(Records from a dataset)
- - - -
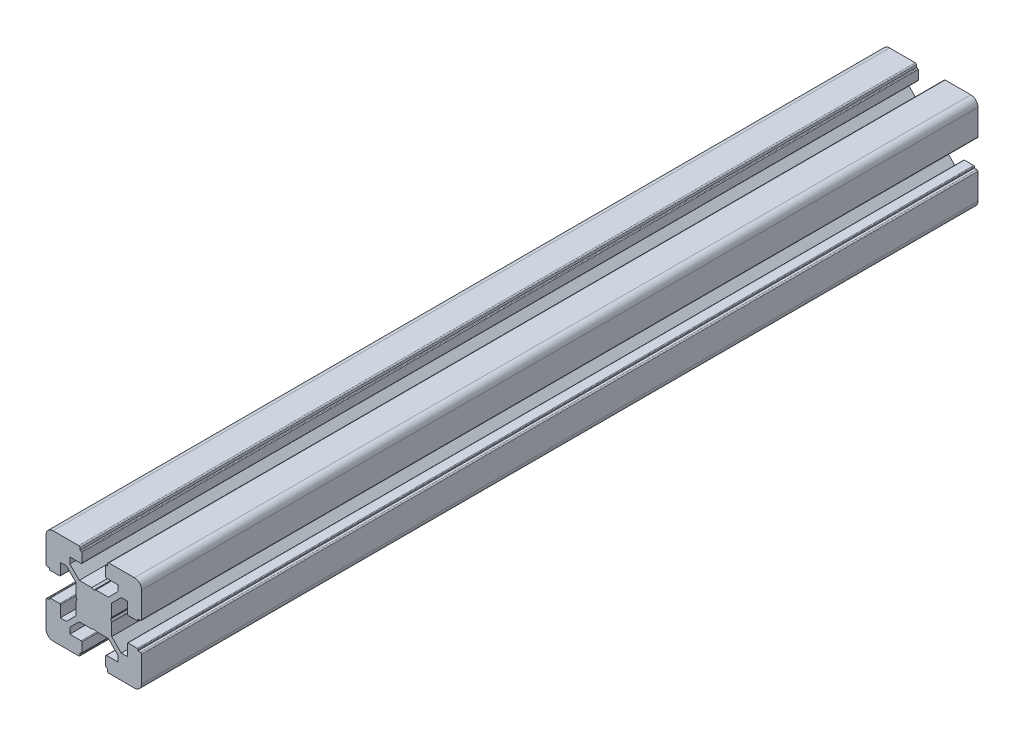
ISO-10303-21;
HEADER;
FILE_DESCRIPTION(('STEP AP214'),'2;1');
FILE_NAME('part.step','',(''),(''),'','','');
FILE_SCHEMA(('AUTOMOTIVE_DESIGN { 1 0 10303 214 1 1 1 1 }'));
ENDSEC;
DATA;
#1=APPLICATION_CONTEXT('core data for automotive mechanical design processes');
#2=APPLICATION_PROTOCOL_DEFINITION('international standard','automotive_design',2000,#1);
#3=PRODUCT_CONTEXT('',#1,'mechanical');
#4=PRODUCT('Part','Part','',(#3));
#5=PRODUCT_RELATED_PRODUCT_CATEGORY('part','',(#4));
#6=PRODUCT_DEFINITION_FORMATION('','',#4);
#7=PRODUCT_DEFINITION_CONTEXT('part definition',#1,'design');
#8=PRODUCT_DEFINITION('design','',#6,#7);
#9=PRODUCT_DEFINITION_SHAPE('','',#8);
#10=(LENGTH_UNIT() NAMED_UNIT(*) SI_UNIT(.MILLI.,.METRE.));
#11=(NAMED_UNIT(*) PLANE_ANGLE_UNIT() SI_UNIT($,.RADIAN.));
#12=(NAMED_UNIT(*) SI_UNIT($,.STERADIAN.) SOLID_ANGLE_UNIT());
#13=UNCERTAINTY_MEASURE_WITH_UNIT(LENGTH_MEASURE(1.E-05),#10,'distance_accuracy_value','');
#14=(GEOMETRIC_REPRESENTATION_CONTEXT(3) GLOBAL_UNCERTAINTY_ASSIGNED_CONTEXT((#13)) GLOBAL_UNIT_ASSIGNED_CONTEXT((#10,
#11,#12)) REPRESENTATION_CONTEXT('',''));
#15=CARTESIAN_POINT('',(0.,0.,0.));
#16=DIRECTION('',(0.,0.,1.));
#17=DIRECTION('',(1.,0.,0.));
#18=AXIS2_PLACEMENT_3D('',#15,#16,#17);
#19=CARTESIAN_POINT('',(10.7000333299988,37.,350.));
#20=DIRECTION('',(0.,0.,-1.));
#21=DIRECTION('',(-1.,0.,0.));
#22=AXIS2_PLACEMENT_3D('',#19,#20,#21);
#23=CYLINDRICAL_SURFACE('',#22,3.00000000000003);
#24=CARTESIAN_POINT('',(10.7000333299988,37.,0.));
#25=DIRECTION('',(0.,0.,1.));
#26=DIRECTION('',(1.,0.,0.));
#27=AXIS2_PLACEMENT_3D('',#24,#25,#26);
#28=CIRCLE('',#27,3.00000000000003);
#29=CARTESIAN_POINT('',(13.7000333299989,37.,0.));
#30=VERTEX_POINT('',#29);
#31=CARTESIAN_POINT('',(10.7000333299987,40.,0.));
#32=VERTEX_POINT('',#31);
#33=EDGE_CURVE('E700',#30,#32,#28,.T.);
#34=ORIENTED_EDGE('',*,*,#33,.T.);
#35=DIRECTION('',(0.,0.,-1.));
#36=VECTOR('',#35,1.);
#37=CARTESIAN_POINT('',(10.7000333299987,40.,350.));
#38=LINE('',#37,#36);
#39=CARTESIAN_POINT('',(10.7000333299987,40.,350.));
#40=VERTEX_POINT('',#39);
#41=EDGE_CURVE('E11',#40,#32,#38,.T.);
#42=ORIENTED_EDGE('',*,*,#41,.F.);
#43=CARTESIAN_POINT('',(10.7000333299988,37.,350.));
#44=DIRECTION('',(0.,0.,1.));
#45=DIRECTION('',(1.,0.,0.));
#46=AXIS2_PLACEMENT_3D('',#43,#44,#45);
#47=CIRCLE('',#46,3.00000000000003);
#48=CARTESIAN_POINT('',(13.7000333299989,37.,350.));
#49=VERTEX_POINT('',#48);
#50=EDGE_CURVE('E998',#49,#40,#47,.T.);
#51=ORIENTED_EDGE('',*,*,#50,.F.);
#52=DIRECTION('',(0.,0.,-1.));
#53=VECTOR('',#52,1.);
#54=CARTESIAN_POINT('',(13.7000333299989,37.,350.));
#55=LINE('',#54,#53);
#56=EDGE_CURVE('E696',#49,#30,#55,.T.);
#57=ORIENTED_EDGE('',*,*,#56,.T.);
#58=EDGE_LOOP('',(#34,#42,#51,#57));
#59=FACE_BOUND('',#58,.T.);
#60=ADVANCED_FACE('F47',(#59),#23,.T.);
#61=CARTESIAN_POINT('',(10.7000333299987,40.,350.));
#62=DIRECTION('',(0.,-1.,0.));
#63=DIRECTION('',(1.,0.,0.));
#64=AXIS2_PLACEMENT_3D('',#61,#62,#63);
#65=PLANE('',#64);
#66=DIRECTION('',(-1.,0.,0.));
#67=VECTOR('',#66,1.);
#68=CARTESIAN_POINT('',(10.7000333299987,40.,0.));
#69=LINE('',#68,#67);
#70=CARTESIAN_POINT('',(6.6659998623E-05,40.,0.));
#71=VERTEX_POINT('',#70);
#72=EDGE_CURVE('E704',#32,#71,#69,.T.);
#73=ORIENTED_EDGE('',*,*,#72,.T.);
#74=DIRECTION('',(0.,0.,-1.));
#75=VECTOR('',#74,1.);
#76=CARTESIAN_POINT('',(6.6659998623E-05,40.,350.));
#77=LINE('',#76,#75);
#78=CARTESIAN_POINT('',(6.6659998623E-05,40.,350.));
#79=VERTEX_POINT('',#78);
#80=EDGE_CURVE('E56',#79,#71,#77,.T.);
#81=ORIENTED_EDGE('',*,*,#80,.F.);
#82=DIRECTION('',(-1.,0.,0.));
#83=VECTOR('',#82,1.);
#84=CARTESIAN_POINT('',(10.7000333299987,40.,350.));
#85=LINE('',#84,#83);
#86=EDGE_CURVE('E383',#40,#79,#85,.T.);
#87=ORIENTED_EDGE('',*,*,#86,.F.);
#88=ORIENTED_EDGE('',*,*,#41,.T.);
#89=EDGE_LOOP('',(#73,#81,#87,#88));
#90=FACE_BOUND('',#89,.T.);
#91=ADVANCED_FACE('F1708',(#90),#65,.F.);
#92=CARTESIAN_POINT('',(6.6659998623E-05,39.5,350.));
#93=DIRECTION('',(0.,0.,-1.));
#94=DIRECTION('',(-1.,0.,0.));
#95=AXIS2_PLACEMENT_3D('',#92,#93,#94);
#96=CYLINDRICAL_SURFACE('',#95,0.499999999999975);
#97=CARTESIAN_POINT('',(6.6659998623E-05,39.5,0.));
#98=DIRECTION('',(0.,0.,1.));
#99=DIRECTION('',(1.,0.,0.));
#100=AXIS2_PLACEMENT_3D('',#97,#98,#99);
#101=CIRCLE('',#100,0.499999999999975);
#102=CARTESIAN_POINT('',(-0.499933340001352,39.5,0.));
#103=VERTEX_POINT('',#102);
#104=EDGE_CURVE('E707',#71,#103,#101,.T.);
#105=ORIENTED_EDGE('',*,*,#104,.T.);
#106=DIRECTION('',(0.,0.,-1.));
#107=VECTOR('',#106,1.);
#108=CARTESIAN_POINT('',(-0.499933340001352,39.5,350.));
#109=LINE('',#108,#107);
#110=CARTESIAN_POINT('',(-0.499933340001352,39.5,350.));
#111=VERTEX_POINT('',#110);
#112=EDGE_CURVE('E1377',#111,#103,#109,.T.);
#113=ORIENTED_EDGE('',*,*,#112,.F.);
#114=CARTESIAN_POINT('',(6.6659998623E-05,39.5,350.));
#115=DIRECTION('',(0.,0.,1.));
#116=DIRECTION('',(1.,0.,0.));
#117=AXIS2_PLACEMENT_3D('',#114,#115,#116);
#118=CIRCLE('',#117,0.499999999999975);
#119=EDGE_CURVE('E1387',#79,#111,#118,.T.);
#120=ORIENTED_EDGE('',*,*,#119,.F.);
#121=ORIENTED_EDGE('',*,*,#80,.T.);
#122=EDGE_LOOP('',(#105,#113,#120,#121));
#123=FACE_BOUND('',#122,.T.);
#124=ADVANCED_FACE('F1385',(#123),#96,.T.);
#125=CARTESIAN_POINT('',(-0.499933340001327,39.5,350.));
#126=DIRECTION('',(1.,1.21213802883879E-13,0.));
#127=DIRECTION('',(-1.21213802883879E-13,1.,0.));
#128=AXIS2_PLACEMENT_3D('',#125,#126,#127);
#129=PLANE('',#128);
#130=DIRECTION('',(1.21213802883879E-13,-1.,0.));
#131=VECTOR('',#130,1.);
#132=CARTESIAN_POINT('',(-0.499933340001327,39.5,0.));
#133=LINE('',#132,#131);
#134=CARTESIAN_POINT('',(-0.499933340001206,38.5,0.));
#135=VERTEX_POINT('',#134);
#136=EDGE_CURVE('E710',#103,#135,#133,.T.);
#137=ORIENTED_EDGE('',*,*,#136,.T.);
#138=DIRECTION('',(0.,0.,-1.));
#139=VECTOR('',#138,1.);
#140=CARTESIAN_POINT('',(-0.499933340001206,38.5,350.));
#141=LINE('',#140,#139);
#142=CARTESIAN_POINT('',(-0.499933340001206,38.5,350.));
#143=VERTEX_POINT('',#142);
#144=EDGE_CURVE('E1373',#143,#135,#141,.T.);
#145=ORIENTED_EDGE('',*,*,#144,.F.);
#146=DIRECTION('',(1.21213802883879E-13,-1.,0.));
#147=VECTOR('',#146,1.);
#148=CARTESIAN_POINT('',(-0.499933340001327,39.5,350.));
#149=LINE('',#148,#147);
#150=EDGE_CURVE('E1406',#111,#143,#149,.T.);
#151=ORIENTED_EDGE('',*,*,#150,.F.);
#152=ORIENTED_EDGE('',*,*,#112,.T.);
#153=EDGE_LOOP('',(#137,#145,#151,#152));
#154=FACE_BOUND('',#153,.T.);
#155=ADVANCED_FACE('F1396',(#154),#129,.F.);
#156=CARTESIAN_POINT('',(-0.499933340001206,38.5,350.));
#157=DIRECTION('',(0.,-1.,0.));
#158=DIRECTION('',(0.,0.,-1.));
#159=AXIS2_PLACEMENT_3D('',#156,#157,#158);
#160=PLANE('',#159);
#161=DIRECTION('',(-1.,0.,0.));
#162=VECTOR('',#161,1.);
#163=CARTESIAN_POINT('',(-0.499933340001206,38.5,0.));
#164=LINE('',#163,#162);
#165=CARTESIAN_POINT('',(-0.99993334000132,38.5,0.));
#166=VERTEX_POINT('',#165);
#167=EDGE_CURVE('E713',#135,#166,#164,.T.);
#168=ORIENTED_EDGE('',*,*,#167,.T.);
#169=DIRECTION('',(0.,0.,-1.));
#170=VECTOR('',#169,1.);
#171=CARTESIAN_POINT('',(-0.99993334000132,38.5,350.));
#172=LINE('',#171,#170);
#173=CARTESIAN_POINT('',(-0.99993334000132,38.5,350.));
#174=VERTEX_POINT('',#173);
#175=EDGE_CURVE('E1369',#174,#166,#172,.T.);
#176=ORIENTED_EDGE('',*,*,#175,.F.);
#177=DIRECTION('',(-1.,0.,0.));
#178=VECTOR('',#177,1.);
#179=CARTESIAN_POINT('',(-0.499933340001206,38.5,350.));
#180=LINE('',#179,#178);
#181=EDGE_CURVE('E1402',#143,#174,#180,.T.);
#182=ORIENTED_EDGE('',*,*,#181,.F.);
#183=ORIENTED_EDGE('',*,*,#144,.T.);
#184=EDGE_LOOP('',(#168,#176,#182,#183));
#185=FACE_BOUND('',#184,.T.);
#186=ADVANCED_FACE('F1400',(#185),#160,.F.);
#187=CARTESIAN_POINT('',(-0.999933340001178,38.2,350.));
#188=DIRECTION('',(0.,0.,-1.));
#189=DIRECTION('',(-1.,0.,0.));
#190=AXIS2_PLACEMENT_3D('',#187,#188,#189);
#191=CYLINDRICAL_SURFACE('',#190,0.300000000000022);
#192=CARTESIAN_POINT('',(-0.999933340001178,38.2,0.));
#193=DIRECTION('',(0.,0.,1.));
#194=DIRECTION('',(1.,0.,0.));
#195=AXIS2_PLACEMENT_3D('',#192,#193,#194);
#196=CIRCLE('',#195,0.300000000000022);
#197=CARTESIAN_POINT('',(-1.2999333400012,38.2,0.));
#198=VERTEX_POINT('',#197);
#199=EDGE_CURVE('E716',#166,#198,#196,.T.);
#200=ORIENTED_EDGE('',*,*,#199,.T.);
#201=DIRECTION('',(0.,0.,-1.));
#202=VECTOR('',#201,1.);
#203=CARTESIAN_POINT('',(-1.2999333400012,38.2,350.));
#204=LINE('',#203,#202);
#205=CARTESIAN_POINT('',(-1.2999333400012,38.2,350.));
#206=VERTEX_POINT('',#205);
#207=EDGE_CURVE('E1365',#206,#198,#204,.T.);
#208=ORIENTED_EDGE('',*,*,#207,.F.);
#209=CARTESIAN_POINT('',(-0.999933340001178,38.2,350.));
#210=DIRECTION('',(0.,0.,1.));
#211=DIRECTION('',(1.,0.,0.));
#212=AXIS2_PLACEMENT_3D('',#209,#210,#211);
#213=CIRCLE('',#212,0.300000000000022);
#214=EDGE_CURVE('E1405',#174,#206,#213,.T.);
#215=ORIENTED_EDGE('',*,*,#214,.F.);
#216=ORIENTED_EDGE('',*,*,#175,.T.);
#217=EDGE_LOOP('',(#200,#208,#215,#216));
#218=FACE_BOUND('',#217,.T.);
#219=ADVANCED_FACE('F1721',(#218),#191,.T.);
#220=CARTESIAN_POINT('',(-1.29993334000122,38.2,350.));
#221=DIRECTION('',(1.,0.,0.));
#222=DIRECTION('',(0.,1.,0.));
#223=AXIS2_PLACEMENT_3D('',#220,#221,#222);
#224=PLANE('',#223);
#225=DIRECTION('',(0.,-1.,0.));
#226=VECTOR('',#225,1.);
#227=CARTESIAN_POINT('',(-1.29993334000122,38.2,0.));
#228=LINE('',#227,#226);
#229=CARTESIAN_POINT('',(-1.29993334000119,34.3,0.));
#230=VERTEX_POINT('',#229);
#231=EDGE_CURVE('E719',#198,#230,#228,.T.);
#232=ORIENTED_EDGE('',*,*,#231,.T.);
#233=DIRECTION('',(0.,0.,-1.));
#234=VECTOR('',#233,1.);
#235=CARTESIAN_POINT('',(-1.29993334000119,34.3,350.));
#236=LINE('',#235,#234);
#237=CARTESIAN_POINT('',(-1.29993334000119,34.3,350.));
#238=VERTEX_POINT('',#237);
#239=EDGE_CURVE('E1361',#238,#230,#236,.T.);
#240=ORIENTED_EDGE('',*,*,#239,.F.);
#241=DIRECTION('',(0.,-1.,0.));
#242=VECTOR('',#241,1.);
#243=CARTESIAN_POINT('',(-1.29993334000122,38.2,350.));
#244=LINE('',#243,#242);
#245=EDGE_CURVE('E1410',#206,#238,#244,.T.);
#246=ORIENTED_EDGE('',*,*,#245,.F.);
#247=ORIENTED_EDGE('',*,*,#207,.T.);
#248=EDGE_LOOP('',(#232,#240,#246,#247));
#249=FACE_BOUND('',#248,.T.);
#250=ADVANCED_FACE('F1724',(#249),#224,.F.);
#251=CARTESIAN_POINT('',(-0.999933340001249,34.3,350.));
#252=DIRECTION('',(0.,0.,-1.));
#253=DIRECTION('',(-1.,0.,0.));
#254=AXIS2_PLACEMENT_3D('',#251,#252,#253);
#255=CYLINDRICAL_SURFACE('',#254,0.299999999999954);
#256=CARTESIAN_POINT('',(-0.999933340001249,34.3,0.));
#257=DIRECTION('',(0.,0.,1.));
#258=DIRECTION('',(1.,0.,0.));
#259=AXIS2_PLACEMENT_3D('',#256,#257,#258);
#260=CIRCLE('',#259,0.299999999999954);
#261=CARTESIAN_POINT('',(-0.999933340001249,34.,0.));
#262=VERTEX_POINT('',#261);
#263=EDGE_CURVE('E722',#230,#262,#260,.T.);
#264=ORIENTED_EDGE('',*,*,#263,.T.);
#265=DIRECTION('',(0.,0.,-1.));
#266=VECTOR('',#265,1.);
#267=CARTESIAN_POINT('',(-0.999933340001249,34.,350.));
#268=LINE('',#267,#266);
#269=CARTESIAN_POINT('',(-0.999933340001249,34.,350.));
#270=VERTEX_POINT('',#269);
#271=EDGE_CURVE('E1357',#270,#262,#268,.T.);
#272=ORIENTED_EDGE('',*,*,#271,.F.);
#273=CARTESIAN_POINT('',(-0.999933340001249,34.3,350.));
#274=DIRECTION('',(0.,0.,1.));
#275=DIRECTION('',(1.,0.,0.));
#276=AXIS2_PLACEMENT_3D('',#273,#274,#275);
#277=CIRCLE('',#276,0.299999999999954);
#278=EDGE_CURVE('E1417',#238,#270,#277,.T.);
#279=ORIENTED_EDGE('',*,*,#278,.F.);
#280=ORIENTED_EDGE('',*,*,#239,.T.);
#281=EDGE_LOOP('',(#264,#272,#279,#280));
#282=FACE_BOUND('',#281,.T.);
#283=ADVANCED_FACE('F1728',(#282),#255,.T.);
#284=CARTESIAN_POINT('',(-0.999933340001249,34.,350.));
#285=DIRECTION('',(0.,1.,0.));
#286=DIRECTION('',(-1.,0.,0.));
#287=AXIS2_PLACEMENT_3D('',#284,#285,#286);
#288=PLANE('',#287);
#289=DIRECTION('',(1.,0.,0.));
#290=VECTOR('',#289,1.);
#291=CARTESIAN_POINT('',(-0.999933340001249,34.,0.));
#292=LINE('',#291,#290);
#293=CARTESIAN_POINT('',(3.7501859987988,34.,0.));
#294=VERTEX_POINT('',#293);
#295=EDGE_CURVE('E725',#262,#294,#292,.T.);
#296=ORIENTED_EDGE('',*,*,#295,.T.);
#297=DIRECTION('',(0.,0.,-1.));
#298=VECTOR('',#297,1.);
#299=CARTESIAN_POINT('',(3.7501859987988,34.,350.));
#300=LINE('',#299,#298);
#301=CARTESIAN_POINT('',(3.7501859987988,34.,350.));
#302=VERTEX_POINT('',#301);
#303=EDGE_CURVE('E1353',#302,#294,#300,.T.);
#304=ORIENTED_EDGE('',*,*,#303,.F.);
#305=DIRECTION('',(1.,0.,0.));
#306=VECTOR('',#305,1.);
#307=CARTESIAN_POINT('',(-0.999933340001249,34.,350.));
#308=LINE('',#307,#306);
#309=EDGE_CURVE('E1420',#270,#302,#308,.T.);
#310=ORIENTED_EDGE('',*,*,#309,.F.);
- - - -
**Your objective**
Out of the records, collect only those lines that contain the string "CIRCLE".

**Answer for this exercise**
#28=CIRCLE('',#27,3.00000000000003);
#47=CIRCLE('',#46,3.00000000000003);
#101=CIRCLE('',#100,0.499999999999975);
#118=CIRCLE('',#117,0.499999999999975);
#196=CIRCLE('',#195,0.300000000000022);
#213=CIRCLE('',#212,0.300000000000022);
#260=CIRCLE('',#259,0.299999999999954);
#277=CIRCLE('',#276,0.299999999999954);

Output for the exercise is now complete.